Janda (1996) also identified an abnormal recruitment sequence for hip
abduction in symptomatic subjects compared with non-symptomatic subjects.
In patients with low back pain, gluteus medius activity was delayed, whereas
gluteus medius activity was observed before the ipsilateral quadratus
lumborum in normal subjects. The recruitment imbalance between the gluteus
medius and quadratus lumborum can induce movement impairment.
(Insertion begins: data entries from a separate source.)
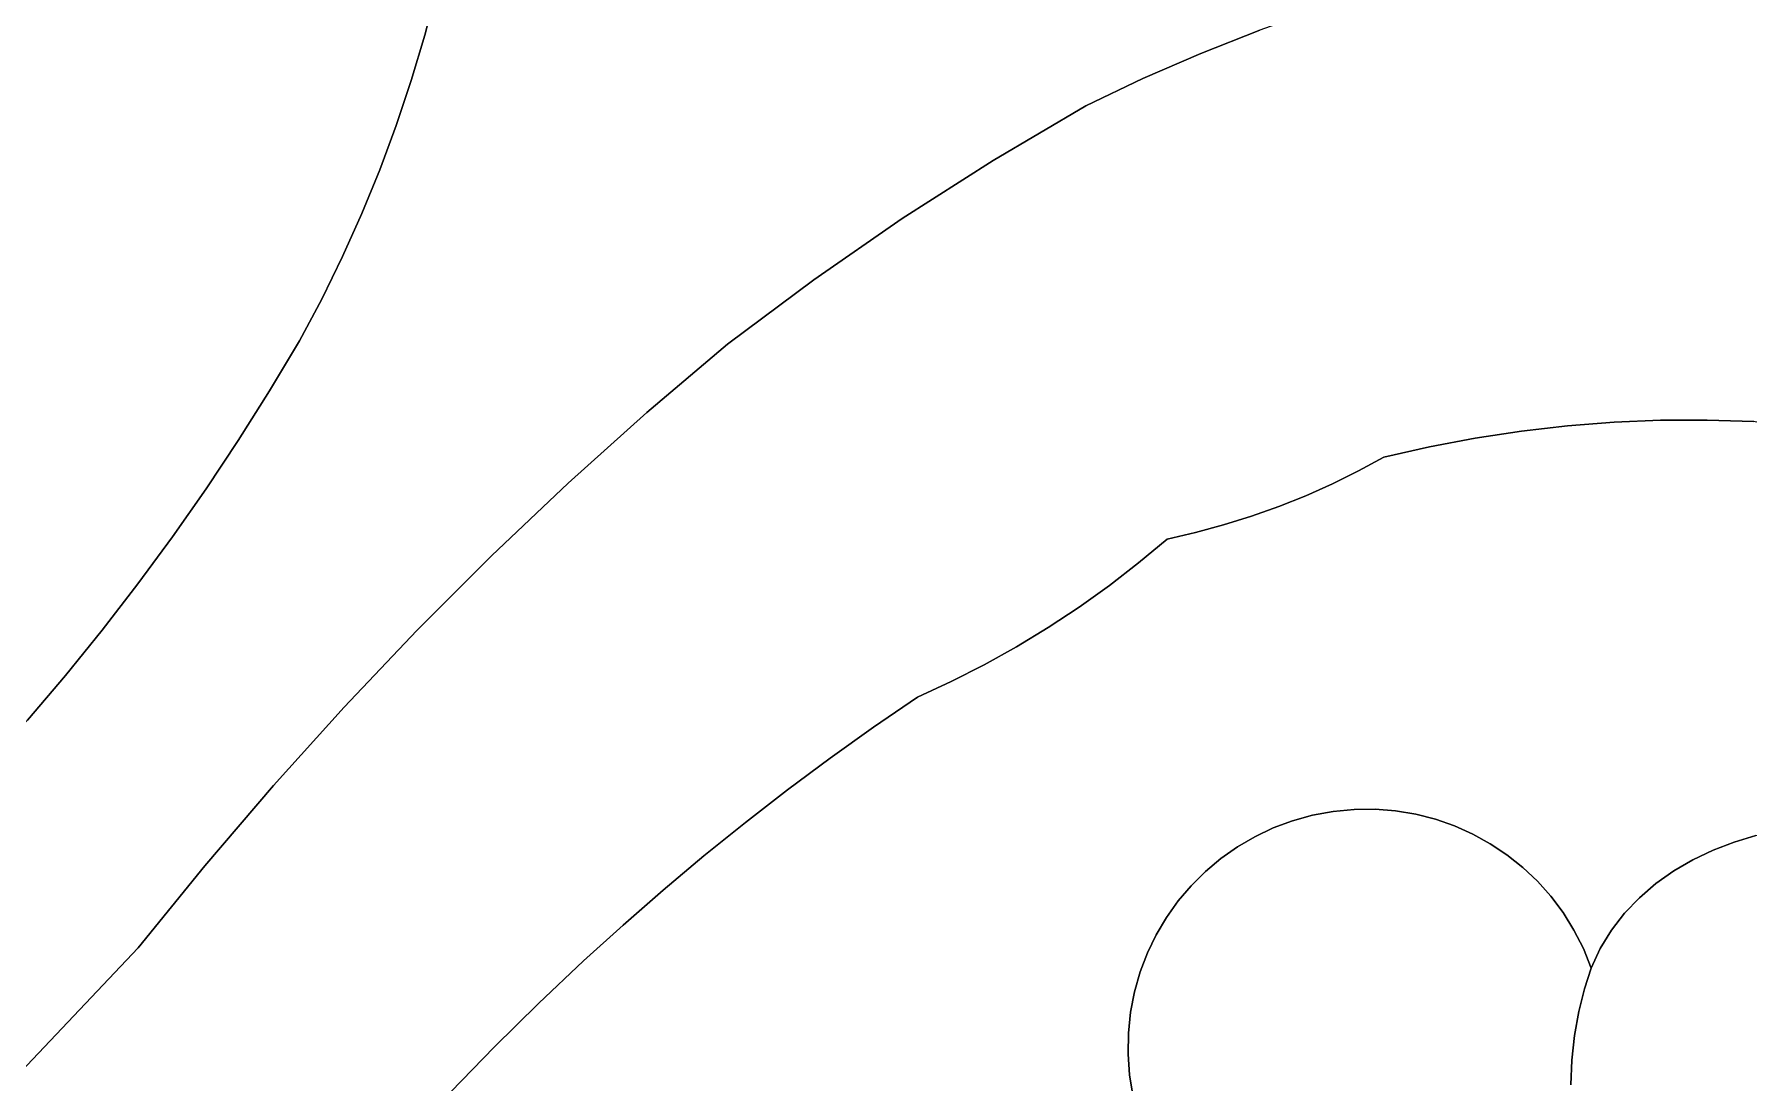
# Model space of a CAD drawing. Header units: inches. Extents: x 37.2 to 70.6, y 17.4 to 61.6.
# Drawn here: x 60.165 to 63.449, y 27.585 to 29.594 of the extents above; entities that cross this region are included whole.
import ezdxf

# ---------------------------------------------------------------- set-up
doc = ezdxf.new("R2010")
doc.units = ezdxf.units.IN
doc.layers.add('SURFACES_FOR_SKETCHUP', color=7, linetype='Continuous')

msp = doc.modelspace()

# ---------------------------------------------------------------- linework, layer by layer
at = {"layer": 'SURFACES_FOR_SKETCHUP'}
for points, invisible_edges in [([(62.0223, 30.4686), (60.9338, 30.0901), (62.0012, 29.352)], 11), ([(62.0522, 30.4493), (62.0223, 30.4686), (62.0012, 29.352)], 10), ([(62.0839, 30.4327), (62.0522, 30.4493), (62.0012, 29.352)], 10), ([(62.0012, 29.352), (62.179, 29.4566), (62.0839, 30.4327)], 10), ([(62.1172, 30.4188), (62.0839, 30.4327), (62.179, 29.4566)], 10), ([(62.1519, 30.4079), (62.1172, 30.4188), (62.179, 29.4566)], 10), ([(62.1878, 30.4), (62.1519, 30.4079), (62.2884, 29.5089)], 10), ([(62.179, 29.4566), (62.2884, 29.5089), (62.1519, 30.4079)], 10), ([(62.2249, 30.3953), (62.1878, 30.4), (62.2884, 29.5089)], 10), ([(62.2249, 30.3953), (62.3994, 29.5573), (62.2623, 30.3941)], 3), ([(62.2884, 29.5089), (62.3994, 29.5573), (62.2249, 30.3953)], 10), ([(62.512, 29.6016), (62.2623, 30.3941), (62.3994, 29.5573)], 3), ([(59.8667, 29.5959), (59.8941, 29.5668), (60.9338, 30.0901)], 10), ([(59.8941, 29.5668), (59.9199, 29.535), (60.9338, 30.0901)], 10), ([(60.9357, 29.6798), (60.9338, 30.0901), (59.9199, 29.535)], 10), ([(60.9357, 29.6798), (62.0012, 29.352), (60.9338, 30.0901)], 3), ([(62.9763, 29.7376), (63.1907, 28.8505), (63.0952, 29.7612)], 3), ([(63.0952, 29.7612), (63.3692, 28.8546), (63.5851, 29.7612)], 3), ([(63.2799, 28.8541), (63.0952, 29.7612), (63.1907, 28.8505)], 3), ([(63.3692, 28.8546), (63.0952, 29.7612), (63.2799, 28.8541)], 3), ([(63.6176, 29.7467), (63.5851, 29.7612), (63.3692, 28.8546)], 10), ([(62.8584, 29.7099), (63.1018, 28.8436), (62.9763, 29.7376)], 3), ([(63.1907, 28.8505), (62.9763, 29.7376), (63.1018, 28.8436)], 3), ([(63.4585, 28.8517), (63.6176, 29.7467), (63.3692, 28.8546)], 3), ([(62.7416, 29.6779), (63.0132, 28.8334), (62.8584, 29.7099)], 3), ([(63.1018, 28.8436), (62.8584, 29.7099), (63.0132, 28.8334)], 3), ([(59.9199, 29.535), (59.9441, 29.5005), (60.9357, 29.6798)], 10), ([(60.9128, 29.592), (60.9357, 29.6798), (59.9441, 29.5005)], 10), ([(60.9128, 29.592), (61.6578, 29.1236), (60.9357, 29.6798)], 3), ([(62.0012, 29.352), (60.9357, 29.6798), (61.8274, 29.241)], 3), ([(61.8274, 29.241), (60.9357, 29.6798), (61.6578, 29.1236)], 3), ([(62.6261, 29.6418), (62.9249, 28.8201), (62.7416, 29.6779)], 3), ([(63.0132, 28.8334), (62.7416, 29.6779), (62.9249, 28.8201)], 3), ([(62.512, 29.6016), (62.8372, 28.8035), (62.6261, 29.6418)], 3), ([(62.9249, 28.8201), (62.6261, 29.6418), (62.8372, 28.8035)], 3), ([(59.9441, 29.5005), (59.9666, 29.4632), (60.9128, 29.592)], 10), ([(60.887, 29.5052), (60.9128, 29.592), (59.9666, 29.4632)], 10), ([(60.887, 29.5052), (61.6578, 29.1236), (60.9128, 29.592)], 3), ([(62.3994, 29.5573), (62.75, 28.7837), (62.512, 29.6016)], 3), ([(62.8372, 28.8035), (62.512, 29.6016), (62.75, 28.7837)], 3), ([(62.2884, 29.5089), (62.701, 28.757), (62.3994, 29.5573)], 3), ([(62.75, 28.7837), (62.3994, 29.5573), (62.701, 28.757)], 3), ([(59.9666, 29.4632), (59.9873, 29.423), (60.887, 29.5052)], 10), ([(60.8584, 29.4193), (60.887, 29.5052), (59.9873, 29.423)], 10), ([(60.8584, 29.4193), (61.4926, 29.0001), (60.887, 29.5052)], 3), ([(61.6578, 29.1236), (60.887, 29.5052), (61.4926, 29.0001)], 3), ([(62.179, 29.4566), (62.6002, 28.7094), (62.2884, 29.5089)], 3), ([(62.701, 28.757), (62.2884, 29.5089), (62.6511, 28.7322)], 3), ([(62.6511, 28.7322), (62.2884, 29.5089), (62.6002, 28.7094)], 3), ([(62.0012, 29.352), (62.389, 28.639), (62.179, 29.4566)], 3), ([(62.496, 28.6701), (62.179, 29.4566), (62.4428, 28.6535)], 3), ([(62.4428, 28.6535), (62.179, 29.4566), (62.389, 28.639)], 3), ([(62.6002, 28.7094), (62.179, 29.4566), (62.5485, 28.6887)], 3), ([(62.5485, 28.6887), (62.179, 29.4566), (62.496, 28.6701)], 3), ([(60.8269, 29.3344), (60.8584, 29.4193), (59.9873, 29.423)], 10), ([(60.7555, 29.168), (60.7926, 29.2506), (59.9873, 29.423)], 10), ([(60.7926, 29.2506), (60.8269, 29.3344), (59.9873, 29.423)], 10), ([(59.9873, 29.423), (59.9922, 29.1758), (60.7555, 29.168)], 10), ([(60.8269, 29.3344), (61.4926, 29.0001), (60.8584, 29.4193)], 3), ([(60.7926, 29.2506), (61.3384, 28.8688), (60.8269, 29.3344)], 3), ([(61.4926, 29.0001), (60.8269, 29.3344), (61.3384, 28.8688)], 3), ([(61.8274, 29.241), (62.3345, 28.6266), (62.0012, 29.352)], 3), ([(62.389, 28.639), (62.0012, 29.352), (62.3345, 28.6266)], 3), ([(60.7555, 29.168), (61.3384, 28.8688), (60.7926, 29.2506)], 3), ([(61.6578, 29.1236), (62.224, 28.5374), (61.8274, 29.241)], 3), ([(62.2801, 28.5809), (61.8274, 29.241), (62.224, 28.5374)], 3), ([(62.3345, 28.6266), (61.8274, 29.241), (62.2801, 28.5809)], 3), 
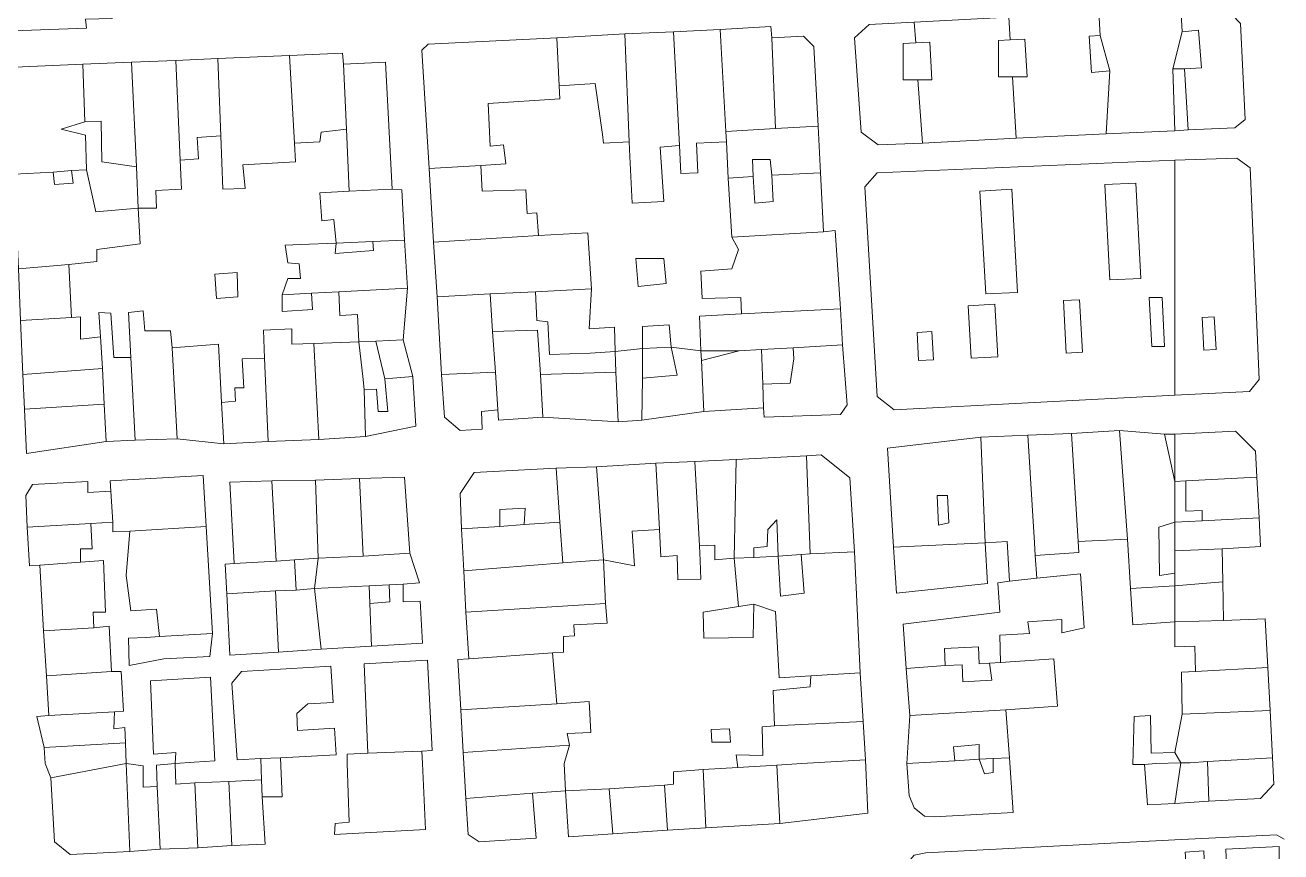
# Model space of a CAD drawing. Header units: inches. Extents: x 1138763 to 1140867, y 1050756 to 1053008.
# Drawn here: x 1139498.6 to 1139711.1, y 1051991.1 to 1052131 of the extents above; entities that cross this region are included whole.
import ezdxf

# ---------------------------------------------------------------- set-up
doc = ezdxf.new("R2010")
doc.units = ezdxf.units.IN
doc.header["$MEASUREMENT"] = 0
doc.layers.add('LimEdif_AM', color=44, linetype='Continuous', lineweight=5)
doc.layers.add('ViaPrin_AM', color=1, linetype='Continuous', lineweight=15)

msp = doc.modelspace()

# ---------------------------------------------------------------- linework, layer by layer
at = {"layer": 'LimEdif_AM'}
for points in [[(1139512.44, 1052145.37), (1139512.56, 1052143.25), (1139512.94, 1052137.62), (1139513.06, 1052135), (1139513.31, 1052132.12), (1139508.81, 1052132), (1139508.94, 1052130.5), (1139494.94, 1052130), (1139493.81, 1052143), (1139512.44, 1052145.37)], [(1139680.31, 1052133.25), (1139694.19, 1052134), (1139694.44, 1052129.87), (1139692.81, 1052123.62), (1139693.19, 1052113.12), (1139681.56, 1052112.62), (1139682.19, 1052123.25), (1139680.56, 1052129.25), (1139680.31, 1052133.25)], [(1139694.44, 1052129.87), (1139694.19, 1052134), (1139701.31, 1052134.37), (1139704.31, 1052131.25), (1139705.06, 1052115), (1139703.31, 1052113.62), (1139695.44, 1052113.25), (1139694.81, 1052123.62), (1139697.69, 1052123.75), (1139697.19, 1052130.12), (1139694.44, 1052129.87)], [(1139649.31, 1052128), (1139647.19, 1052127.87), (1139647.19, 1052121.75), (1139649.69, 1052121.75), (1139650.44, 1052111), (1139642.94, 1052110.75), (1139640.06, 1052112.87), (1139638.94, 1052128.87), (1139641.44, 1052131.12), (1139649.06, 1052131.5), (1139649.31, 1052128)], [(1139649.06, 1052131.5), (1139665.06, 1052132.37), (1139665.31, 1052128.5), (1139663.31, 1052128.37), (1139663.31, 1052122.25), (1139665.69, 1052122.25), (1139666.31, 1052111.87), (1139650.44, 1052111), (1139649.69, 1052121.75), (1139652.06, 1052121.75), (1139651.69, 1052128.12), (1139649.31, 1052128), (1139649.06, 1052131.5)], [(1139665.06, 1052132.37), (1139680.31, 1052133.25), (1139680.56, 1052129.25), (1139678.69, 1052129.12), (1139679.06, 1052123), (1139682.19, 1052123.25), (1139681.56, 1052112.62), (1139666.31, 1052111.87), (1139665.69, 1052122.25), (1139668.19, 1052122.25), (1139667.81, 1052128.62), (1139665.31, 1052128.5), (1139665.06, 1052132.37)], [(1139588.56, 1052128.87), (1139600.06, 1052129.5), (1139600.81, 1052111.25), (1139596.44, 1052111), (1139596.31, 1052112.5), (1139595.06, 1052121.12), (1139588.94, 1052120.75), (1139588.56, 1052128.87)], [(1139600.06, 1052129.5), (1139608.31, 1052129.87), (1139609.31, 1052110.62), (1139606.06, 1052110.37), (1139606.69, 1052101.12), (1139601.31, 1052100.87), (1139600.94, 1052108.75), (1139600.81, 1052111.25), (1139600.06, 1052129.5)], [(1139608.31, 1052129.87), (1139616.19, 1052130.25), (1139617.19, 1052113), (1139617.31, 1052111.25), (1139612.19, 1052111), (1139612.44, 1052106), (1139609.56, 1052105.87), (1139609.31, 1052110.62), (1139608.31, 1052129.87)], [(1139616.19, 1052130.25), (1139624.81, 1052130.75), (1139624.94, 1052128.87), (1139625.56, 1052113.5), (1139617.19, 1052113), (1139616.19, 1052130.25)], [(1139682.19, 1052123.25), (1139679.06, 1052123), (1139678.69, 1052129.12), (1139680.56, 1052129.25), (1139682.19, 1052123.25)], [(1139694.44, 1052129.87), (1139697.19, 1052130.12), (1139697.69, 1052123.75), (1139694.81, 1052123.62), (1139692.81, 1052123.62), (1139694.44, 1052129.87)], [(1139588.94, 1052120.75), (1139589.06, 1052118.5), (1139576.94, 1052117.75), (1139577.31, 1052110.5), (1139579.56, 1052110.75), (1139579.94, 1052107.5), (1139575.69, 1052107.25), (1139566.94, 1052106.75), (1139565.69, 1052126.75), (1139566.81, 1052127.75), (1139588.56, 1052128.87), (1139588.94, 1052120.75)], [(1139624.94, 1052128.87), (1139630.31, 1052129.12), (1139632.06, 1052127.37), (1139632.81, 1052113.87), (1139625.56, 1052113.5), (1139624.94, 1052128.87)], [(1139649.31, 1052128), (1139651.69, 1052128.12), (1139652.06, 1052121.75), (1139649.69, 1052121.75), (1139647.19, 1052121.75), (1139647.19, 1052127.87), (1139649.31, 1052128)], [(1139665.31, 1052128.5), (1139667.81, 1052128.62), (1139668.19, 1052122.25), (1139665.69, 1052122.25), (1139663.31, 1052122.25), (1139663.31, 1052128.37), (1139665.31, 1052128.5)], [(1139516.56, 1052124.75), (1139524.06, 1052125), (1139524.81, 1052108.12), (1139525.06, 1052103.25), (1139520.69, 1052103), (1139520.81, 1052100), (1139517.69, 1052100), (1139517.44, 1052107), (1139516.56, 1052124.75)], [(1139524.06, 1052125), (1139531.19, 1052125.37), (1139531.69, 1052112.25), (1139527.69, 1052112), (1139527.94, 1052108.37), (1139524.81, 1052108.12), (1139524.06, 1052125)], [(1139531.19, 1052125.37), (1139543.31, 1052125.87), (1139544.19, 1052111), (1139544.31, 1052107.87), (1139535.44, 1052107.37), (1139535.81, 1052103.37), (1139532.06, 1052103.25), (1139531.69, 1052112.25), (1139531.19, 1052125.37)], [(1139543.31, 1052125.87), (1139552.31, 1052126.25), (1139552.44, 1052124.37), (1139552.94, 1052113.37), (1139548.69, 1052112.87), (1139548.44, 1052111.25), (1139544.19, 1052111), (1139543.31, 1052125.87)], [(1139508.69, 1052114.62), (1139504.69, 1052113.37), (1139508.81, 1052112.37), (1139508.94, 1052106.5), (1139506.44, 1052106.37), (1139503.31, 1052106.12), (1139496.69, 1052105.75), (1139495.94, 1052122.62), (1139496.81, 1052123.87), (1139508.31, 1052124.37), (1139508.69, 1052114.62)], [(1139508.31, 1052124.37), (1139516.56, 1052124.75), (1139517.44, 1052107), (1139511.56, 1052107.87), (1139511.44, 1052114.75), (1139508.69, 1052114.62), (1139508.31, 1052124.37)], [(1139552.44, 1052124.37), (1139559.56, 1052124.75), (1139560.69, 1052103.25), (1139553.44, 1052102.87), (1139552.94, 1052113.37), (1139552.44, 1052124.37)], [(1139694.81, 1052123.62), (1139695.44, 1052113.25), (1139693.19, 1052113.12), (1139692.81, 1052123.62), (1139694.81, 1052123.62)], [(1139600.81, 1052111.25), (1139600.94, 1052108.75), (1139601.31, 1052100.87), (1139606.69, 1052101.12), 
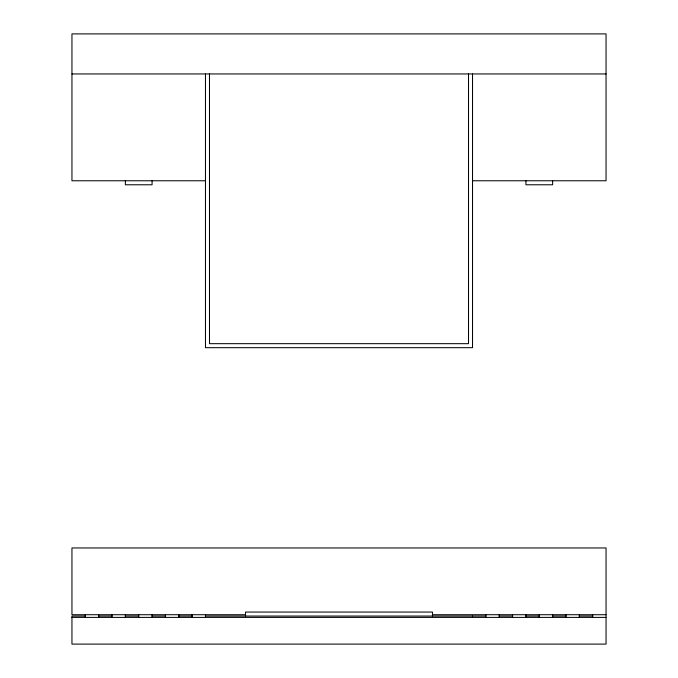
<?xml version="1.0" encoding="UTF-8"?>
<svg xmlns="http://www.w3.org/2000/svg" width="678" height="678" viewBox="0 0 678 678"><rect width="100%" height="100%" fill="white"/><g stroke="black" fill="none" stroke-linecap="round" stroke-linejoin="round"><path stroke-width="1.02" d="M71.953 73.953L606.047 73.953M205.476 180.772L71.953 180.772L71.953 33.9L606.047 33.9L606.047 180.772L472.524 180.772M245.402 614.726L71.953 614.726L71.953 547.96L606.047 547.96L606.047 644.1L71.953 644.1L71.953 616.056L85.309 616.056M432.598 614.726L606.047 614.726M98.657 616.056L112.014 616.056M125.362 616.056L138.719 616.056M152.067 616.056L165.424 616.056M178.772 616.056L192.128 616.056M205.476 616.056L485.872 616.056M499.228 616.056L512.576 616.056M525.933 616.056L539.281 616.056M552.638 616.056L565.986 616.056M579.343 616.056L592.691 616.056M71.953 617.395L606.047 617.395M592.691 614.726L592.691 617.395M579.343 614.726L579.343 617.395M565.986 614.726L565.986 617.395M552.638 180.772L552.638 184.78L525.933 184.78L525.933 180.772M552.638 614.726L552.638 617.395M539.281 614.726L539.281 617.395M525.933 614.726L525.933 617.395M512.576 614.726L512.576 617.395M499.228 614.726L499.228 617.395M485.872 614.726L485.872 617.395M472.524 73.953L472.524 347.678L205.476 347.678L205.476 73.953M472.524 616.056L472.524 617.395M468.515 73.809L468.515 343.67L209.485 343.67L209.485 73.809M432.462 616.056L432.462 612.056L245.538 612.056L245.538 616.056M205.476 614.726L205.476 617.395M192.128 614.726L192.128 617.395M178.772 614.726L178.772 617.395M165.424 614.726L165.424 617.395M152.067 180.772L152.067 184.78L125.362 184.78L125.362 180.772M152.067 614.726L152.067 617.395M138.719 614.726L138.719 617.395M125.362 614.726L125.362 617.395M112.014 614.726L112.014 617.395M98.657 614.726L98.657 617.395M85.309 614.726L85.309 617.395"/></g></svg>

For this
reason, the gluteus medius and quadratus lumborum should be closely
monitored for lumbar stability and joint support (Sahrmann 2002). Clinicians
often report overactivity and trigger points for the quadratus lumborum with
gluteus medius insufficiency in patients with back pain (Chaitow 1996). In
addition, increased tension in the quadratus lumborum was implicated in
pelvic upward movement and rotational malalignment (Schamberger 2002).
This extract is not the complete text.